== Available data ==

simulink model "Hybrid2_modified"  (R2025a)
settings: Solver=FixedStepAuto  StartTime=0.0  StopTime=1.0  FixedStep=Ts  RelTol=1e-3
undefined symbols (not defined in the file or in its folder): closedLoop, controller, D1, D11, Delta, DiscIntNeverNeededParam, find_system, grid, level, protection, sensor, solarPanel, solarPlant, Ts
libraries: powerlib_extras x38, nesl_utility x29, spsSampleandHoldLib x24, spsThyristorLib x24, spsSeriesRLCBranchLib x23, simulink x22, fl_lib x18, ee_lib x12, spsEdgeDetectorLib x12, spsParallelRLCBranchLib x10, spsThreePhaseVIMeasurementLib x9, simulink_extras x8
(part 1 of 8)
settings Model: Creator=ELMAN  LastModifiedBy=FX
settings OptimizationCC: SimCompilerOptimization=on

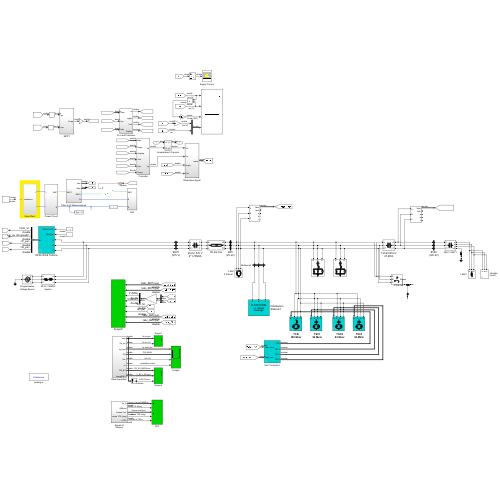
[thumbnail: Simulink's stored preview of the top-level diagram]
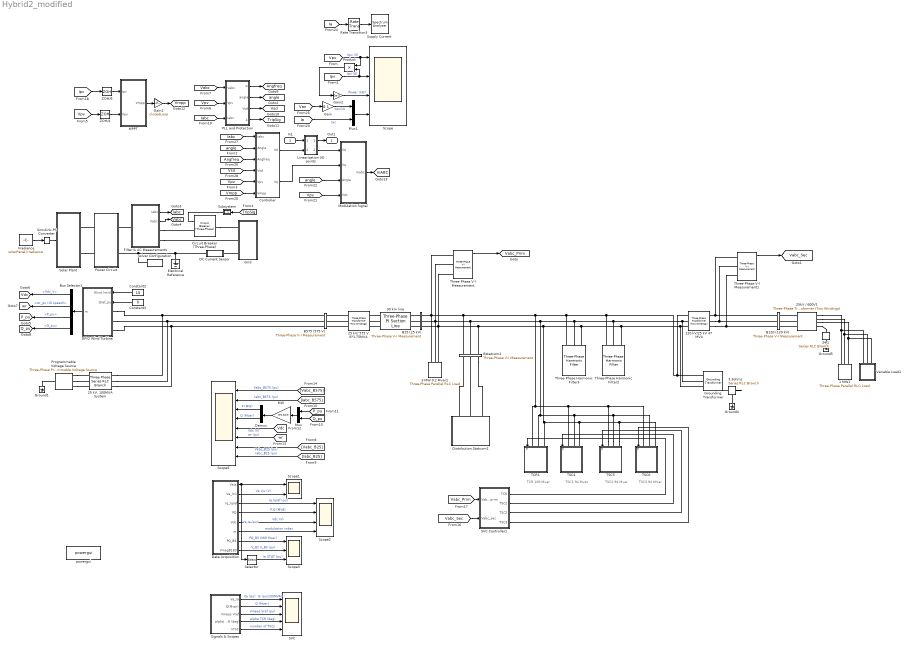
== system Hybrid2_modified ==
  note: TCR
      | 109 Mvar
  note: TSC1
      | 94 Mvar
  note: TSC2
      | 94 Mvar
  note: TSC3
      | 94 MVar
  In1 : Inport
  1 MW1 : spsThreePhaseParallelRLCLoadLib/Three-Phase Parallel RLC Load  LConnTagsString=A|B|C  Configuration=Y (floating)  NominalVoltage=600  Vabc=[1e3 1e3 1e3]  Vabcp=[1e3 1e3 1e3]  NominalFrequency=60  UnbalancedPower=off  ActivePower=1e6  InductivePower=0  CapacitivePower=0  Pabc=[10e3 9e3 11e3]  QLabc=[100 90 110]  QCabc=[100 90 110]  Pabcp=[10e3 9e3 11e3]  QLabcp=[100 90 110]  QCabcp=[100 90 110]  Measurements=None  LoadType=constant Z
  120 kV/25 kV 47 MVA : spsThreePhaseTransformerTwoWindingsLib/Three-Phase Transformer (Two Windings)  Winding1Connection=Yg  Winding2Connection=Delta (D1)  CoreType=Three single-phase transformers  SetSaturation=off  Hysteresis=off  DataFile='basic_model'  SetInitialFlux=off  Measurements=None  UNITS=pu  NominalPower=[47e6 60 ]  Winding1="[ 120e3  0.08/30   0.08 ]"  Winding2="[ 25e3  0.08/30  0.08]"  Rm=500  Lm=500  L0=0.5  Saturation="[ 0,0  ;  0.005,1.2  ;  1.0,1.4 ]"  InitialFluxes=[ 0.8 , -0.8 , 0.7 ]  BreakLoop=off  DiscreteSolver=Trapezoidal iterative  DataType=off  TransfoNumber=0
  "25 kV, 100MVA System" : spsThreePhaseSeriesRLCBranchLib/Three-Phase Series RLC Branch  LConnTagsString=A|B|C  RConnTagsString=A|B|C  BranchType=RL  Resistance=25e3^2/100e6/10  Inductance=25e3^2/100e6/(2*pi*60)  Capacitance=1.0  Measurements=None
  25 kV/ 575 V 6*1.75MVA : spsThreePhaseTransformerTwoWindingsLib/Three-Phase Transformer (Two Windings)  Winding1Connection=Delta (D11)  Winding2Connection=Yg  CoreType=Three single-phase transformers  SetSaturation=off  Hysteresis=off  DataFile='hysteresis'  SetInitialFlux=off  Measurements=None  UNITS=pu  NominalPower="[1.75e6*6  60]"  Winding1=[25e3 , 0.025/30 , 0.025]  Winding2=[ 575, 0.025/30 , 0.025]  Rm=500  Lm=inf  L0=0.5  Saturation=[ 0,0 ; 0.0024,1.2 ; 1.0,1.52 ]  InitialFluxes=[ 0.8 , -0.8 , 0.7 ]  BreakLoop=off  DiscreteSolver=Trapezoidal iterative  DataType=off  TransfoNumber=0
  25kV / 600V1 : spsThreePhaseTransformerTwoWindingsLib/Three-Phase Transformer (Two Windings)  Winding1Connection=Delta (D11)  Winding2Connection=Yn  CoreType=Three single-phase transformers  SetSaturation=off  Hysteresis=off  DataFile='basic_model'  SetInitialFlux=off  Measurements=None  UNITS=pu  NominalPower=[6e6 60]  Winding1=[25e3 , 0.05/30/2 , 0.05]  Winding2=[600 , 0.05/30/2 , 0]  Rm=500  Lm=500  L0=0.5  Saturation="[ 0,0  ;  0.005,1.2  ;  1.0,1.4 ]"  InitialFluxes=[ 0.8 , -0.8 , 0.7 ]  BreakLoop=off  DiscreteSolver=Trapezoidal iterative  DataType=off  TransfoNumber=1
  3 MW 0.2 Mvar1 : spsThreePhaseParallelRLCLoadLib/Three-Phase Parallel RLC Load  LConnTagsString=A|B|C  Configuration=Y (grounded)  NominalVoltage=25e3  Vabc=[1e3 1e3 1e3]  Vabcp=[1e3 1e3 1e3]  NominalFrequency=60  UnbalancedPower=off  ActivePower=3e6  InductivePower=0  CapacitivePower=0.2e6  Pabc=[10e3 9e3 11e3]  QLabc=[100 90 110]  QCabc=[100 90 110]  Pabcp=[10e3 9e3 11e3]  QLabcp=[100 90 110]  QCabcp=[100 90 110]  Measurements=None  LoadType=constant Z
  "3.3ohms " : spsSeriesRLCBranchLib/Series RLC Branch  LConnTagsString=__new0  RConnTagsString=__new0  BranchType=R  Resistance=3.3  Inductance=[]  SetiL0=off  InitialCurrent=0  Capacitance=[]  Setx0=off  InitialVoltage=0  Measurements=None
  30 km line : spsThreePhasePISectionLineLib/Three-Phase PI Section Line  LConnTagsString=a|b|c  RConnTagsString=A|B|C  Length=30  Frequency=60  Resistances=[0.1153 0.413]  Inductances=[1.05e-3 3.32e-3]  Capacitances=[11.33e-009 5.01e-009]
  34.1 : spsSeriesRLCBranchLib/Series RLC Branch  LConnTagsString=__new0  RConnTagsString=__new0  BranchType=R  Resistance=34.7  Inductance=1.0  SetiL0=off  InitialCurrent=0  Capacitance=1.0  Setx0=off  InitialVoltage=0  Measurements=None
  B120 (120 kV) : spsThreePhaseVIMeasurementLib/Three-Phase V-I Measurement  VoltageMeasurement=no  SetLabelV=off  LabelV=Vabc_B120  Vpu=off  VpuLL=off  CurrentMeasurement=no  SetLabelI=on  LabelI=Iabc_B120  Ipu=off  Pbase=100e6  Vbase=120e3  OutputType=Complex  PhasorSimulation=off  PSBequivalent=0
  B25 (25 kV) : spsThreePhaseVIMeasurementLib/Three-Phase V-I Measurement  VoltageMeasurement=phase-to-ground  SetLabelV=on  LabelV=Vabc_B25  Vpu=on  VpuLL=off  CurrentMeasurement=yes  SetLabelI=on  LabelI=Iabc_B25  Ipu=on  Pbase=10e6  Vbase=25e3  OutputType=Complex  PhasorSimulation=off  PSBequivalent=0
  B575 (575 V) : spsThreePhaseVIMeasurementLib/Three-Phase V-I Measurement  VoltageMeasurement=phase-to-ground  SetLabelV=on  LabelV=Vabc_B575  Vpu=on  VpuLL=off  CurrentMeasurement=yes  SetLabelI=on  LabelI=Iabc_B575  Ipu=on  Pbase=6*1.5e6/0.9  Vbase=575  OutputType=Complex  PhasorSimulation=off  PSBequivalent=0
  Bstatcom2 : spsThreePhaseVIMeasurementLib/Three-Phase V-I Measurement  VoltageMeasurement=phase-to-ground  SetLabelV=on  LabelV=Vabc_Bstatcom  Vpu=on  VpuLL=off  CurrentMeasurement=yes  SetLabelI=on  LabelI=Iabc_Bstatcom  Ipu=on  Pbase=3e6  Vbase=25e3  OutputType=Magnitude  PhasorSimulation=off  PSBequivalent=0
  Bus Selector1 : BusSelector  OutputSignals=Vdc_V,wr_pu (IG speed),PQ_pu.P_pu,PQ_pu.Q_pu
  Circuit Breaker (Three-Phase) : ee_lib/Switches & Breakers/Circuit Breaker (Three-Phase)  R_closed=0.0001 Ohm  G_open=1e-6 1/Ohm  threshold=0.5 V  breaker_behavior=ee.enum.switches.breakerBehavior.zeroCrossingEnable
      settings: InternalSimscapePortConfiguration="{\"Bottom\":[],\"Left\":[{\"id\":\"vT\",\"label\":\"vT\",\"type\":\"input\"},{\"id\":\"N1\",\"label\":\"~1\",\"type\":\"foundation.electrical.three_phase\"}],\"Right\":[{\"id\":\"N2\",\"label\":\"~2\",\"type\":\"foundation.electrical.three_phase\"}],\"Top\":[]}"
  Constant2 : Constant  Value=15
  Constant3 : Constant  Value=0
  Controller : Subsystem
  DC Current Sensor : Subsystem
      mask Display: disp('i')
  DFIG Wind Turbine : Subsystem  LoadFcn=%find_system(gcs,'FollowLinks', 'on', 'LookUnderMasks', 'all');  mask(DFIG Wind Turbine){Nb_wt=6, ShowParameters=Generator data for 1 wind turbine, nom=[1.5e6/.9 575 1975 60], sta=[ 0.023 0.18], rot=[ 0.016 0.16], Lm=2.9, mec=[0.685 0.01 3], init=[ -0.2,0   0,0,0   0,0,0 ], Imax_grid_conv=0.8, RL_grid=[ 0.3 0.003], Vdc_nom=1150, C_DClink1=10000e-6, C_var_filter1=120e3, Pmec1=1.5e6, wind_speed_CpMax=11, wind0=11, DisplayTurbChar=off, H_WT=4.32, Ksh=1.11, D_mutual=1.5, w_wt0=1.2, torque0=0.83, Kdc=[8   400], Kgrid_side_cur_reg=[0.83 5], Kspeed=[3 0.6], Krotor_side_cur_reg=[0.6 8], Ki_QV=[0.05 20], Kp_pitch=[150], Kcompensation=[3 30], PWM_freq_grid=2700, PWM_freq_rotor=1620, pitch_max=27, pitch_rate=10}
      mask prompts: Nb_wt "Number of wind turbines:"; ShowParameters "Display:"; nom "Nom. power, L-L volt. and freq. [Pn (VA), Vs_nom (Vrms), Vr_nom (Vrms), fn (Hz)]:"; sta "Stator [ Rs,Lls ] (p.u.):"; rot "Rotor [ Rr',Llr' ] (p.u.):"; Lm "Magnetizing inductance Lm (p.u.):"; mec "Inertia constant, friction factor, and pairs of poles [ H(s)  F(p.u.)  p ]:"; init "Initial conditions [s  th  ias  ibs  ics  phaseas phasebs phasecs]:"; Imax_grid_conv "Grid-side converter maximum current (pu of generator nominal current):"; RL_grid "Grid-side coupling inductor [ L, R] (p.u.):"; Vdc_nom "Nominal DC bus voltage (V):"; C_DClink1 "DC bus capacitor (F):"; C_var_filter1 "Line filter capacitor (Q=50) (var):"; Pmec1 "Nominal mechanical output power (W):"; wind_speed_CpMax "Wind speed at nominal speed and at Cp max (must be between 6 m/s and 30 m/s) (m/s):"; wind0 "Initial wind speed (m/s):"; DisplayTurbChar "Display wind turbine power characteristics:"; H_WT "Wind turbine inertia constant H (s):"; Ksh "Shaft spring constant refer to high-speed shaft (pu of nominal mechanical torque/rad):"; D_mutual "Shaft mutual damping (pu of nominal mechanical torque/pu dw):"; w_wt0 "Turbine initial speed (pu of nominal speed):"; torque0 "Initial output torque (pu of nominal mechanical torque):"; Kdc "DC bus voltage regulator gains [Kp Ki]:"; Kgrid_side_cur_reg "Grid-side converter current regulator gains [Kp Ki]:"; Kspeed "Speed regulator gains [Kp Ki]:"; Krotor_side_cur_reg "Rotor-side converter current regulator gains [Kp Ki]:"; Ki_QV "Q and V regulator gains [Ki_var Ki_volt]:"; Kp_pitch "Pitch controller gain [Kp]:"; Kcompensation "Pitch compensation gains [Kp Ki]:"; PWM_freq_grid "Frequency of the grid-side PWM carrier (Hz):"; PWM_freq_rotor "Frequency of the rotor-side PWM carrier (Hz):"; pitch_max "Maximum pitch angle (deg):"; pitch_rate "Maximum rate of change of pitch angle (deg/s):"
      mask help: This block implements a model of a variable speed pitch controlled wind turbine using a doubly-fed induction generator (DFIG).
      mask init:
      | %Generator data
      | Pnom=nom(1)*Nb_wt;
      | Vnom=nom(2);
      | Vnom_r=nom(3);
      | Fnom=nom(4);
      | Rs=sta(1);
      | Lls=sta(2);
      | Rr=rot(1);
      | Llr=rot(2);
      | H=mec(1);
      | F=mec(2);
      | p=mec(3);
      | 
      | % Converters data
      | L_RL=RL_grid(1);
      | R_RL=RL_grid(2);
      | Q_filter=50;
      | C_DClink=C_DClink1*Nb_wt;
      | C_var_filter=C_var_filter1*Nb_wt;
      | 
      | % Controller data
      | Freq_filter=1000*10;   %Hz
      | Zeta_filter=0.707;
      | Mod_index_max_grid=1.1;   %Maximum value of modulation index for grid-side converter
      | Mod_index_max_rotor=2;   %Maximum value of modulation index for rotor-side converter
      | Lim_grid_side_cur_reg=1.1; %Limit for grid-side PI current regulator (pu)
      | Lim_rotor_side_cur_reg=0.1; %Limit for rotor-side PI current regulator (pu)
      | Min_var_reg=0.9; %Minimum output value for integral var regulator (pu)
      | Max_var_reg=1.1; %Maximum output value for integral var regulator (pu)
      | Max_speed_reg=1; %Maximum output value for PI speed regulator (pu)
      | Kp_dc=Kdc(1);
      | Ki_dc=Kdc(2);
      | Kp_grid_side_cur_reg=Kgrid_side_cur_reg(1);
      | Ki_grid_side_cur_reg=Kgrid_side_cur_reg(2);
      | Kp_speed=Kspeed(1);
      | Ki_speed=Kspeed(2);
      | Kp_compensation=Kcompensation(1);
      | Ki_compensation=Kcompensation(2);
      | Kp_rotor_side_cur_reg=Krotor_side_cur_reg(1);
      | Ki_rotor_side_cur_reg=Krotor_side_cur_reg(2);
      | Ki_var=Ki_QV(1);
      | Ki_volt=Ki_QV(2);
      | Iq_ref_limit_time_constant=0.3; %(s)
      | T_speed=5;      %s
      | Min_mag_flux=0.5;   %(pu)
      | Max_Idr_ref=0.9;    %(pu)
      | Speed_max=1.2;  %(pu)
      | Speed_min=0.7;  %(pu)
      | Pitch_time_constant=0.01;    %(s)
      | 
      | 
      | % Turbine data
      | Pmec=Pmec1*Nb_wt;
      | c1 = 0.6450;
      | c2 = 116;
      | c3 = .4;
      | c4 = 5;
      | c5 = 21;
      | c6 = .00912;  % Set Pmin in stall condition (does not vary with wind_speed_Pmax)
      | c7 = .08;
      | c8 = .035;
      | theta=0;
      | CpMax=.5;
      | lambda_CpMax=9.9495;
      | 
      | c1_c8=[c1 c2 c3 c4 c5 c6 c7 c8];
      |   
      | 
      | %   Cp = c1*(c6*lambda + (-c4 - c3*(2.5 + theta) + c2*(1/(lambda + ...
      | %   c7*(2.5 + theta)) - c8/(1 + (2.5 + theta)^3)))/exp(c5*(1/(lambda + ...
      | %   c7*(2.5 + theta)) - c8/(1 + (2.5 + theta)^3))))
      | 
      | 
      |         %%%%%%%%%%%%%%%%%%%%%%%%%%%%%%%%%%%%%%%%%%%%%%%%%%%%%%%%%%%%%%%%%%%%%%%%%%%
      |         % Operation at Cp max
      |         %%%%%%%%%%%%%%%%%%%%%%%%%%%%%%%%%%%%%%%%%%%%%%%%%%%%%%%%%%%%%%%%%%%%%%%%%%%
      |         
      |         rated_omegar=1.2;
      |         omegar = rated_omegar;
      |         
      |         % Enforce boundaries on wind speed
      |         % A warning could be displayed
      |         if wind_speed_CpMax < 6
      |             wind_speed_CpMax=6;
      |             disp('Warning: Wind speed at nominal speed and at Cp max has been set to 6 m/s')
      |         end
      |         if wind_speed_CpMax > 30
      |             wind_speed_CpMax=30;
      |             disp('Warning: Wind speed at nominal speed and at Cp max has been set to 30 m/s')
      |         end
      | 
      |         K1=lambda_CpMax/omegar*wind_speed_CpMax;
      |         
      |         % Calculation of K2 needed to get P equal to the requested value at
      |         % Cp max for the requested wind speed
      |         
      |         Prated=Pmec1*Nb_wt;
      |         P_rated_omegar_theta_zero=0.75;
      |         
      |         K2 = P_rated_omegar_theta_zero*Prated/(wind_speed_CpMax^3*CpMax);
      |         
      |         K1_K2=[K1 K2];
      |         
      |         %%%%%%%%%%%%%%%%%%%%%%%%%%%%%%%%%%%%%%%%%%%%%%%%%%%%%%%%%%%%%%%%%%%%%%%%%%%
      |         % End of calculation for operation at Cp max
      |         %%%%%%%%%%%%%%%%%%%%%%%%%%%%%%%%%%%%%%%%%%%%%%%%%%%%%%%%%%%%%%%%%%%%%%%%%%%
      |         
      | 
      | %%%%%%%%%%%%%%%%%%%%%%%%%%%%%%%%%%%%%%%%%%%%%%%%%%%%%%%%%%%%%%%%%%%%%%%%%%%
      | % Plot turbine characteristics
      | %%%%%%%%%%%%%%%%%%%%%%%%%%%%%%%%%%%%%%%%%%%%%%%%%%%%%%%%%%%%%%%%%%%%%%%%%%% 
      | 
      | DisplayTurbChar=get_param(gcb,'DisplayTurbChar');
      | if strcmp(DisplayTurbChar,'on')
      |     vect_theta = 0:2:30;
      |     
      |     vect_lambda = 1:0.2:30;
      |     
      |     clear Cp;
      |     
      |     for i=1:length(vect_theta)
      |      for j=1:length(vect_lambda)
      |                 Cp(i,j) = c1*(c6*vect_lambda(j) + (-c4 - c3*(2.5 + vect_theta(i)) + c2*(1/(vect_lambda(j) + ...
      |                 c7*(2.5 + vect_theta(i))) - c8/(1 + (2.5 + vect_theta(i))^3)))/exp(c5*(1/(vect_lambda(j) + ...
      |                 c7*(2.5 + vect_theta(i))) - c8/(1 + (2.5 + vect_theta(i))^3))));
      |      end
      |     end
      | 
      |     figure(1);
      |     clf;
      |     hold on;
      | 
      |     plot(vect_lambda, Cp);
      |     axis([0, 25, 0, .6]);
      |     title('Wind Turbine Cp Characteristic (pitch angle increases by step of 2 deg.)');
      |     ylabel('Cp');
      |     set(gca,'ytick',[0 .1 .2 .3 .4 .5 .6]);
      |     xlabel('Lambda');
      |     grid on;
      |     text(10.1,0.51,'Pitch angle 0 degree');
      | 
      |     hold off
      |     
      |     % Plot of the wind turbine mechanical power output (pu) lambda and Cp
      |     % characteristics against wind speed (m/s) for a range of theta.
      |     
      |     wind_speed_range = [1,.2,30];
      |     vect_wind_speed = 1:0.2:30;
      |     
      |     clear lambda;
      |     clear Cp;
      |     clear P;
      | 
      |     for i=1:length(vect_theta)
      |         for j=1:length(vect_wind_speed)
      |             lambda(i,j) = K1*omegar/vect_wind_speed(j);
      |             Cp(i,j) = c1*(c6*lambda(i,j) + (-c4 - c3*(2.5 + vect_theta(i)) + c2*(1/(lambda(i,j) + ...
      |             c7*(2.5 + vect_theta(i))) - c8/(1 + (2.5 + vect_theta(i))^3)))/exp(c5*(1/(lambda(i,j) + ...
      |             c7*(2.5 + vect_theta(i))) - c8/(1 + (2.5 + vect_theta(i))^3))));
      |             P(i,j) = K2/Prated*vect_wind_speed(j)^3*Cp(i,j);
      |         end
      |     end
      |     
      |     
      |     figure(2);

===

§ **Task objective**
The answer must be the lines from the first one in the records through the line containing "1 MW1 : spsThreePhaseParallelRLCLoadLib/Three-Phase", copied exactly, with no pictures.

§ **Written solution**
simulink model "Hybrid2_modified"  (R2025a)
settings: Solver=FixedStepAuto  StartTime=0.0  StopTime=1.0  FixedStep=Ts  RelTol=1e-3
undefined symbols (not defined in the file or in its folder): closedLoop, controller, D1, D11, Delta, DiscIntNeverNeededParam, find_system, grid, level, protection, sensor, solarPanel, solarPlant, Ts
libraries: powerlib_extras x38, nesl_utility x29, spsSampleandHoldLib x24, spsThyristorLib x24, spsSeriesRLCBranchLib x23, simulink x22, fl_lib x18, ee_lib x12, spsEdgeDetectorLib x12, spsParallelRLCBranchLib x10, spsThreePhaseVIMeasurementLib x9, simulink_extras x8
(part 1 of 8)
settings Model: Creator=ELMAN  LastModifiedBy=FX
settings OptimizationCC: SimCompilerOptimization=on

[thumbnail: Simulink's stored preview of the top-level diagram]
== system Hybrid2_modified ==
  note: TCR
      | 109 Mvar
  note: TSC1
      | 94 Mvar
  note: TSC2
      | 94 Mvar
  note: TSC3
      | 94 MVar
  In1 : Inport
  1 MW1 : spsThreePhaseParallelRLCLoadLib/Three-Phase Parallel RLC Load  LConnTagsString=A|B|C  Configuration=Y (floating)  NominalVoltage=600  Vabc=[1e3 1e3 1e3]  Vabcp=[1e3 1e3 1e3]  NominalFrequency=60  UnbalancedPower=off  ActivePower=1e6  InductivePower=0  CapacitivePower=0  Pabc=[10e3 9e3 11e3]  QLabc=[100 90 110]  QCabc=[100 90 110]  Pabcp=[10e3 9e3 11e3]  QLabcp=[100 90 110]  QCabcp=[100 90 110]  Measurements=None  LoadType=constant Z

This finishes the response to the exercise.